Despite the same crystal structure and homologous constituent elements, the chalcopyrite compounds ABTe₂ (A = Cu, Ag; B = Ga, In) exhibit distinct electronic and thermal transport properties. The aim of this work is to understand the origin of such discrepancy employing experiments and theoretical calculations. The results of Hall coefficient measurements, absorption spectroscopy, and electronic transport studies suggest the deep-level in-gap states induced by the native A-site vacancies play a key role in the observed intrinsic semiconductor to degenerate semiconductor transition and are the origins of the distinct electrical conductivity among ABTe₂ compounds.

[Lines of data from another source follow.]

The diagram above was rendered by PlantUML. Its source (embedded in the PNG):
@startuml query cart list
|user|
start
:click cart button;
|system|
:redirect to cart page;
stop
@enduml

In addition, the cryogenic heat capacity measurements and calculated phonon dispersion relations show that the acoustic and low-frequency optical modes of AgGaTe₂ and AgInTe₂ are governed by the vibrations of Ag-Te clusters while the counterparts of CuGaTe₂ and CuInTe₂ compounds are dominated by the vibrations of Te atoms, and the coupling between the acoustic and low-frequency optical modes is notably different among ABTe₂ compounds. Specifically, lower avoided-crossing frequencies, lower sound velocity together with stronger Umklapp process yield lower thermal conductivities of AgGaTe₂ and AgInTe₂ than CuGaTe₂ and CuInTe₂. This work provides new insights into the understanding and improvement of electrical and thermal properties toward higher thermoelectric performance of chalcopyrite compounds.